Say how many of the lines below contain the word "Düzlem"; nothing else belongs in the answer.

---------------

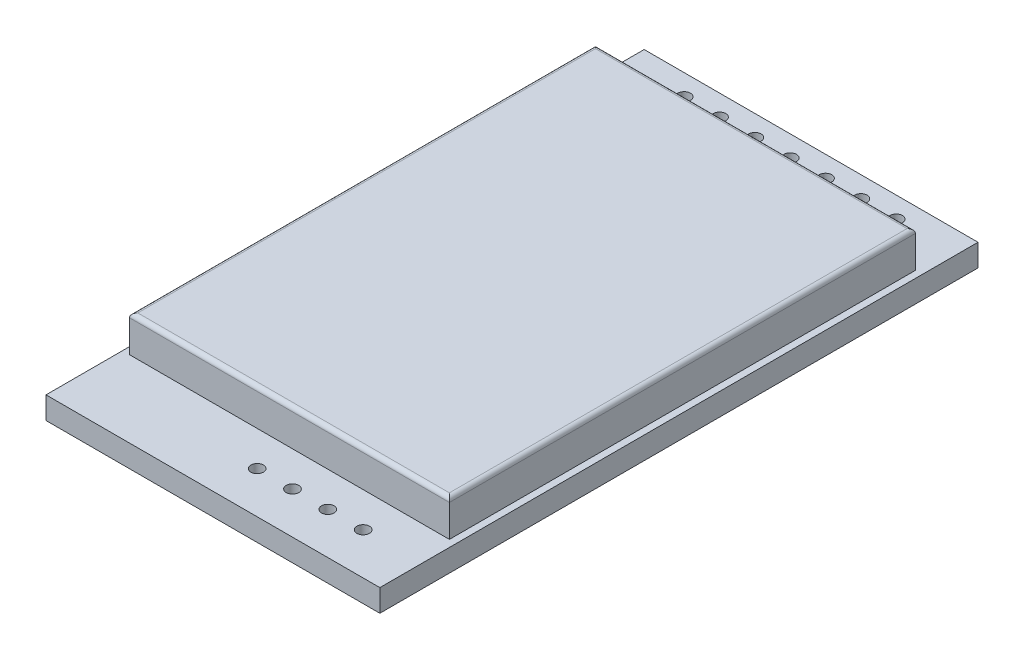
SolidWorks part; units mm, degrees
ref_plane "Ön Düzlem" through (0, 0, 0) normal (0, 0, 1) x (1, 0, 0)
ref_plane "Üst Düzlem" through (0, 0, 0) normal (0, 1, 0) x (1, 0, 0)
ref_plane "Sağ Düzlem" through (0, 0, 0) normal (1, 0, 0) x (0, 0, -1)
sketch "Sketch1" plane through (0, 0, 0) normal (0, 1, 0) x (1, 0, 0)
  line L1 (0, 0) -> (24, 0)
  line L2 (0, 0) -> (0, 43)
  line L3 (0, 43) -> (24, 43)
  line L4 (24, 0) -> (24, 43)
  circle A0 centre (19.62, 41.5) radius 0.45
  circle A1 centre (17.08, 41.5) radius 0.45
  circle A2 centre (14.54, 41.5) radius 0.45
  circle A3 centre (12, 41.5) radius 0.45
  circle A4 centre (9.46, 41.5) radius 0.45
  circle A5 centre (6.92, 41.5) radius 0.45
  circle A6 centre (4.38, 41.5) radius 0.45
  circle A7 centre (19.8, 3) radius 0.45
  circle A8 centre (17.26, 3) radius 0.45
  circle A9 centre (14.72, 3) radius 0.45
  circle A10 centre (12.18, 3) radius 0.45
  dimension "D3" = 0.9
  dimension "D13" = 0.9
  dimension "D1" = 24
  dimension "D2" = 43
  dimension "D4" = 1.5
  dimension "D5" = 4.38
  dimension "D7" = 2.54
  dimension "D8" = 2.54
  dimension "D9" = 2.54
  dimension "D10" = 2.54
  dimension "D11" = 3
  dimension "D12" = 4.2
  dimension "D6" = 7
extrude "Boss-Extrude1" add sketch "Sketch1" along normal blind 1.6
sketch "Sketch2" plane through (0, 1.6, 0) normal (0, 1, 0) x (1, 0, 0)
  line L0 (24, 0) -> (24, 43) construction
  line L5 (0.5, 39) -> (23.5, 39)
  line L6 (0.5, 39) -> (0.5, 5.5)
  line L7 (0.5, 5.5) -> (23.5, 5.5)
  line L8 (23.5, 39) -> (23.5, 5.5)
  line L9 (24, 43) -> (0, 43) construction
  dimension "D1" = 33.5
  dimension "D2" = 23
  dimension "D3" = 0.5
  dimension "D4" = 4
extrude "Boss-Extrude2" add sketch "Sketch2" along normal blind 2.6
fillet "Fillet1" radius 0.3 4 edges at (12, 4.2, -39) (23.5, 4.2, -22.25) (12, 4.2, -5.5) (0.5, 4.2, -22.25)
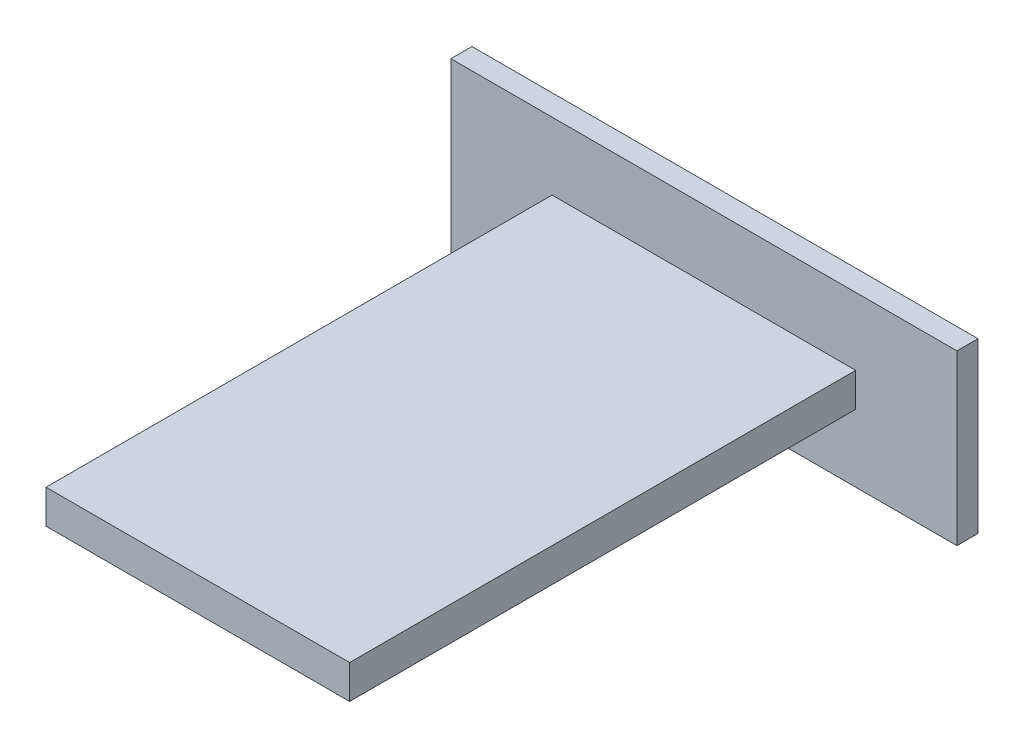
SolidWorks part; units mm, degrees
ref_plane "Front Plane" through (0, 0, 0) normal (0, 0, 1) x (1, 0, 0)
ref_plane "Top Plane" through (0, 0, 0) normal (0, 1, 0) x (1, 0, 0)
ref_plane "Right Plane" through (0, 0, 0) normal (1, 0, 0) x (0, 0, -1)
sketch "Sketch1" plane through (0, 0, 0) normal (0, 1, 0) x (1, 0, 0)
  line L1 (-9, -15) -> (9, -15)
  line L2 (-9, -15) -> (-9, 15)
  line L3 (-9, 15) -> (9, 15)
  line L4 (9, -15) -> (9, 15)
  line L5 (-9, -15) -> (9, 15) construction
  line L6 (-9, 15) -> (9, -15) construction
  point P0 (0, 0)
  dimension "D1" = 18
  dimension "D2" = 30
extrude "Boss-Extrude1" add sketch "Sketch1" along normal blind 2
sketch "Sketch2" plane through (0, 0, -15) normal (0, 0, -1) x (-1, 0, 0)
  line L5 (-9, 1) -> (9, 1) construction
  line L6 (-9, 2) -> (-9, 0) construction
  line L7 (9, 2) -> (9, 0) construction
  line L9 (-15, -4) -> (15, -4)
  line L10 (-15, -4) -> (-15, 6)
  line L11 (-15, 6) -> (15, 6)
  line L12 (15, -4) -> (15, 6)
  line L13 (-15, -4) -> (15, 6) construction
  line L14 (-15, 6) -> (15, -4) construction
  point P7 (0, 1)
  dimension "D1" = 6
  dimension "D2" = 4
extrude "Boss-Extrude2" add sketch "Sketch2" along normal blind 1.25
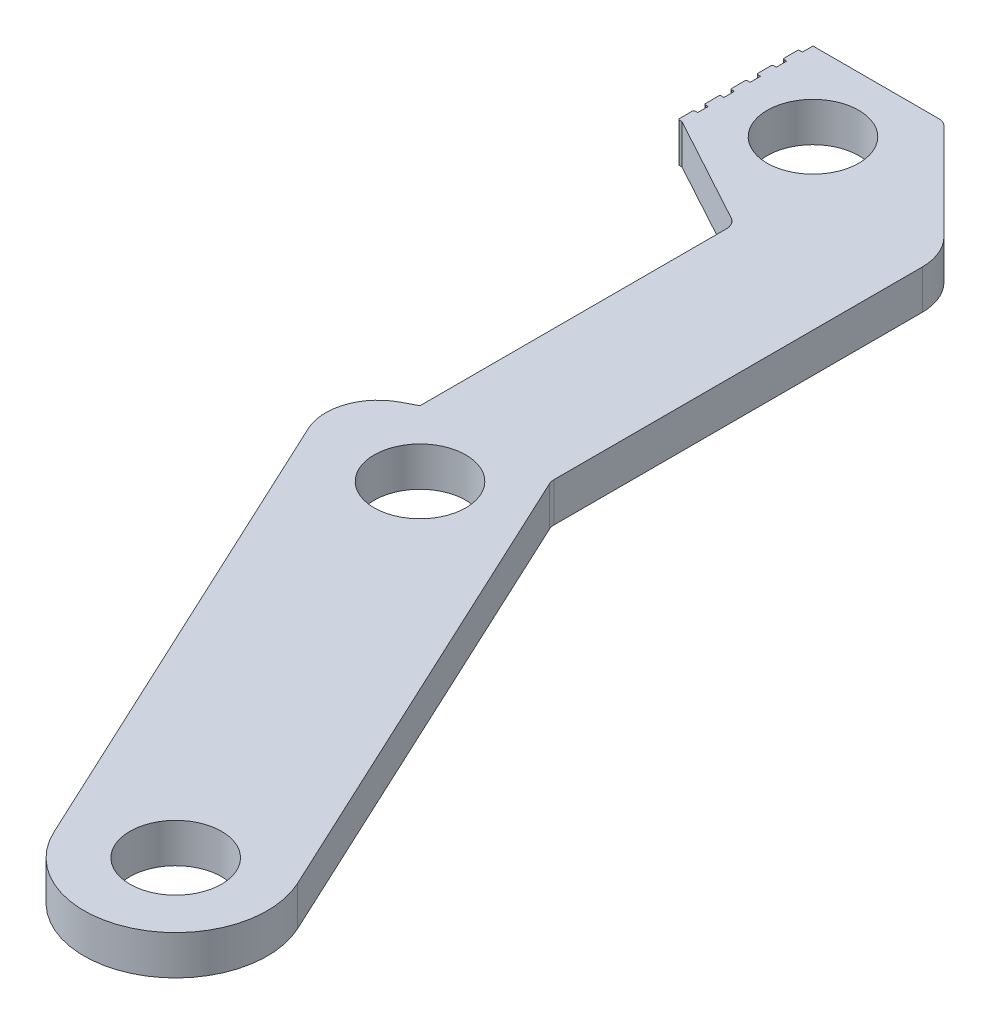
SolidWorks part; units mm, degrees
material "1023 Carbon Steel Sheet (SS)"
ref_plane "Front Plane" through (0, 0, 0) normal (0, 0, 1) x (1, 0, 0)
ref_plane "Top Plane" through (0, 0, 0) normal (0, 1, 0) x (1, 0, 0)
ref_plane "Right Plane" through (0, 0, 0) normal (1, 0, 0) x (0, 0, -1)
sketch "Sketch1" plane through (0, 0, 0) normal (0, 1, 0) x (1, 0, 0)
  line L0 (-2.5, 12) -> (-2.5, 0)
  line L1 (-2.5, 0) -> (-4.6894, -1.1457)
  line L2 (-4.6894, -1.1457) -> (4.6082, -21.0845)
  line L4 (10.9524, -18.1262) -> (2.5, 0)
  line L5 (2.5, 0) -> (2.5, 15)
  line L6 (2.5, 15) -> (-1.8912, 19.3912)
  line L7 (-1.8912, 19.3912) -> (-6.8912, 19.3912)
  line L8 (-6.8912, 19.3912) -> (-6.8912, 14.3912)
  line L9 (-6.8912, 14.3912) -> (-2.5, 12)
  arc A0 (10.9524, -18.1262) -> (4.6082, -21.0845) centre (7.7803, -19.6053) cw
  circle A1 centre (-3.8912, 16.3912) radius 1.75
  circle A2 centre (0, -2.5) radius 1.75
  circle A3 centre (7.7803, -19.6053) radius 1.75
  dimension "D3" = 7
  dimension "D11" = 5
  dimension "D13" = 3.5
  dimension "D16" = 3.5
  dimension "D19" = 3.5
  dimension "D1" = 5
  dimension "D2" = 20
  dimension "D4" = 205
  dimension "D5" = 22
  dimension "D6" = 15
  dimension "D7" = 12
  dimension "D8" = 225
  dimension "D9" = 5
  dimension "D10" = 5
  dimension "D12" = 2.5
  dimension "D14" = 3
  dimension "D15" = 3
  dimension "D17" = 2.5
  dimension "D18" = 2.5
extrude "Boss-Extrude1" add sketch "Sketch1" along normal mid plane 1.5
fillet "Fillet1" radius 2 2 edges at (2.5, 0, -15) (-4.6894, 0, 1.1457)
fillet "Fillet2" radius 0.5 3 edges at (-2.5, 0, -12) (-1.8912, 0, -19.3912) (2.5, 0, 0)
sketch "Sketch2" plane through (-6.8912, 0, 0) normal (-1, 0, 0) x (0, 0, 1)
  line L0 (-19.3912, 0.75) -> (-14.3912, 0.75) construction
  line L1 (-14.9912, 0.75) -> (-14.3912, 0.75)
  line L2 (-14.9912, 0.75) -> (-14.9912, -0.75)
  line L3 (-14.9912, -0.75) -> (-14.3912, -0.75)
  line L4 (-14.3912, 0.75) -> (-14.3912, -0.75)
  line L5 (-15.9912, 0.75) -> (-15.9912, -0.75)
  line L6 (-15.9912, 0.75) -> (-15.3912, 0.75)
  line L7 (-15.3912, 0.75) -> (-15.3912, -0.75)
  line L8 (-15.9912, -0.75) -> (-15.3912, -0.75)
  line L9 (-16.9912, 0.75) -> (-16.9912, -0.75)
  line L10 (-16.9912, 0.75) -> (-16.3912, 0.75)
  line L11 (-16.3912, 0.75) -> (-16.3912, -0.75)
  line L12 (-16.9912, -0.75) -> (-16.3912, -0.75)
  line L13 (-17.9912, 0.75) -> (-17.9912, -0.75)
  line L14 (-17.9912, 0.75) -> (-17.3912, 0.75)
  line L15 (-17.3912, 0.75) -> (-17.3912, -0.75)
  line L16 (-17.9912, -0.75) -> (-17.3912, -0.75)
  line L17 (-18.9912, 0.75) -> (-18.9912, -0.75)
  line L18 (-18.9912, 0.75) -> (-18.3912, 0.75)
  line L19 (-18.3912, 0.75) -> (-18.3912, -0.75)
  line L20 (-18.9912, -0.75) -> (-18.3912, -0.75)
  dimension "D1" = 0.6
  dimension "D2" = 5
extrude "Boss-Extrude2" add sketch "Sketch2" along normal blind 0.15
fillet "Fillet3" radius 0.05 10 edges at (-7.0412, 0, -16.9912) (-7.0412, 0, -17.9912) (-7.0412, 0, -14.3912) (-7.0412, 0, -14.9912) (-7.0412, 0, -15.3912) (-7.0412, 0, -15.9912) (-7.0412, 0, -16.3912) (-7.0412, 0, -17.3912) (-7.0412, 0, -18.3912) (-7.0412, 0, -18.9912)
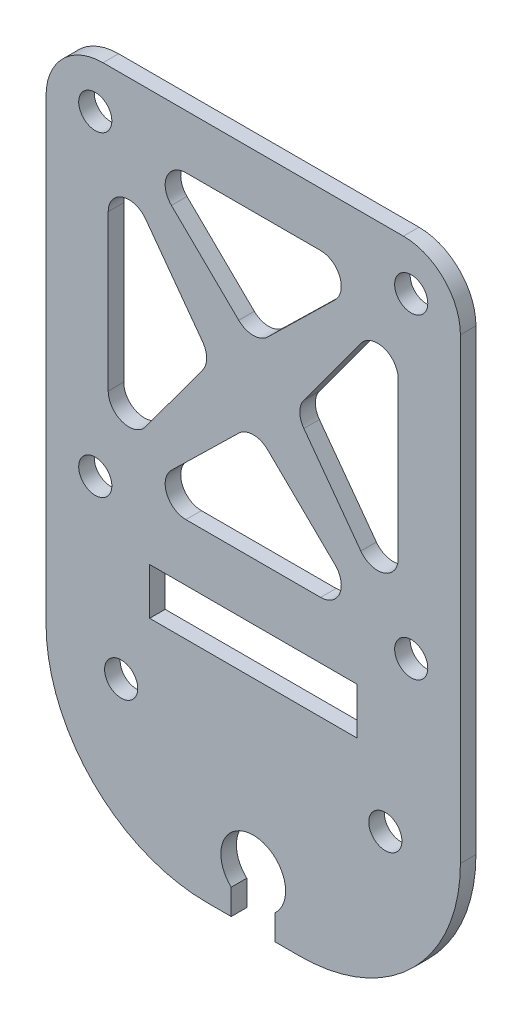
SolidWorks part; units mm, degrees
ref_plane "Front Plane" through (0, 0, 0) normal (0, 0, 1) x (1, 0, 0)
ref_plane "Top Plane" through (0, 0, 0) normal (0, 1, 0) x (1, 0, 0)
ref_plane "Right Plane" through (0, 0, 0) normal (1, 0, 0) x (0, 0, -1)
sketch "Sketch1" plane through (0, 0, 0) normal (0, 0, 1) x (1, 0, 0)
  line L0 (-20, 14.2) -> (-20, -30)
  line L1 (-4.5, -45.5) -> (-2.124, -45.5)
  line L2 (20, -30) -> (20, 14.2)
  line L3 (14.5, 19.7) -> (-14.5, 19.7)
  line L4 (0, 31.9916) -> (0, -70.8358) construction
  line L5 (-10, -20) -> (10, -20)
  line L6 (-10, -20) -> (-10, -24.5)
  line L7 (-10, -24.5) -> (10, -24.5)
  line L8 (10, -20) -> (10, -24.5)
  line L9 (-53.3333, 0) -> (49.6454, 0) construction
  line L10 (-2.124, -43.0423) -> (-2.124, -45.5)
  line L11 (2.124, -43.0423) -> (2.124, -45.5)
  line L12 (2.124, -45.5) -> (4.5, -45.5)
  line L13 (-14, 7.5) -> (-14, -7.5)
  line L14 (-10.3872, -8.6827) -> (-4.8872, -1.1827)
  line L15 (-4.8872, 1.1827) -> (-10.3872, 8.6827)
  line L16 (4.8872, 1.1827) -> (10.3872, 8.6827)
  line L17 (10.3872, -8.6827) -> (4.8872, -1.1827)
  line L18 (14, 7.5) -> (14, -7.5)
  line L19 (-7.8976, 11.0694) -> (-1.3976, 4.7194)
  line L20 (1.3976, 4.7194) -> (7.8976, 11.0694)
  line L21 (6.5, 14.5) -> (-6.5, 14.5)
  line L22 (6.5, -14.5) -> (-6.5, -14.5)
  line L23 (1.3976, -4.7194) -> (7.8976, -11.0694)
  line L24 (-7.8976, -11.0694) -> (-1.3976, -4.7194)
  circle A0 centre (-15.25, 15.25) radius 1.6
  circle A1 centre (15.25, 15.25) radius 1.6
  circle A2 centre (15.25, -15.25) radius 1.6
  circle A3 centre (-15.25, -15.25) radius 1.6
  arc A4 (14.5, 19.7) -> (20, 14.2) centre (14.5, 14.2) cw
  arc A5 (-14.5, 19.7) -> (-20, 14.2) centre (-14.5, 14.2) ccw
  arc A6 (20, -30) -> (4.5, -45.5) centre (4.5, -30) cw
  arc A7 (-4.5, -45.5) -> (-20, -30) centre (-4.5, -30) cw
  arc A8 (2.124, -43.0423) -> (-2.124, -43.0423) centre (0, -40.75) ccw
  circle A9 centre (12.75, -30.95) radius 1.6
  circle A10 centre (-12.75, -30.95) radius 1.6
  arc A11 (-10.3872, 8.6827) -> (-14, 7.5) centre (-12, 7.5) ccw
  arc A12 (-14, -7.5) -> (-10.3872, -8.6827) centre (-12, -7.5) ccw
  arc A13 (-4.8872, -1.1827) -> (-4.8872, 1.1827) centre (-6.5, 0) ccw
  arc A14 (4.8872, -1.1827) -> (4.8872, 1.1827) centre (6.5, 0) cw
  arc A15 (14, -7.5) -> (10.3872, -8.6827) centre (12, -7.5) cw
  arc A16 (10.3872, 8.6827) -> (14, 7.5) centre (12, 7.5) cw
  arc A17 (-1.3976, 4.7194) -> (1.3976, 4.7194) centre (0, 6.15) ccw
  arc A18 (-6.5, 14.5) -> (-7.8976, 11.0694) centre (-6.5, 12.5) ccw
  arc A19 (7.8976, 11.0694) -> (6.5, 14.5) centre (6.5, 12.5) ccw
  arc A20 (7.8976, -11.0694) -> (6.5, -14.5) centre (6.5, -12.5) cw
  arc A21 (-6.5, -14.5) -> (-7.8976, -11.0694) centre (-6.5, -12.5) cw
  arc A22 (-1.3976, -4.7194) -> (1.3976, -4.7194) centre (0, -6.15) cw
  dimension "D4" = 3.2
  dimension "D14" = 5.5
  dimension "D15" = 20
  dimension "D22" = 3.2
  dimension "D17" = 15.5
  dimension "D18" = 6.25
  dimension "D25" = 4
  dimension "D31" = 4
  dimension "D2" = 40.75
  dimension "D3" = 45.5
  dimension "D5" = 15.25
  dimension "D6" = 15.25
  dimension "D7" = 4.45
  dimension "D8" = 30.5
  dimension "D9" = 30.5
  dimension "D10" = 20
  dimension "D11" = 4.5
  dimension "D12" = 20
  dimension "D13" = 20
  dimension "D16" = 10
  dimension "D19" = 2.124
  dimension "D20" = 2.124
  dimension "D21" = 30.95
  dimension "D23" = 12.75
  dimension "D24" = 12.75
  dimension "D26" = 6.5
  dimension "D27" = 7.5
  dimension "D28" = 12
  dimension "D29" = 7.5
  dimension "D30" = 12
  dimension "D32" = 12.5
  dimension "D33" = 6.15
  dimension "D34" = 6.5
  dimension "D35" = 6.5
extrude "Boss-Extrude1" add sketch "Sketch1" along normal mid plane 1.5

---------------

— Response —
3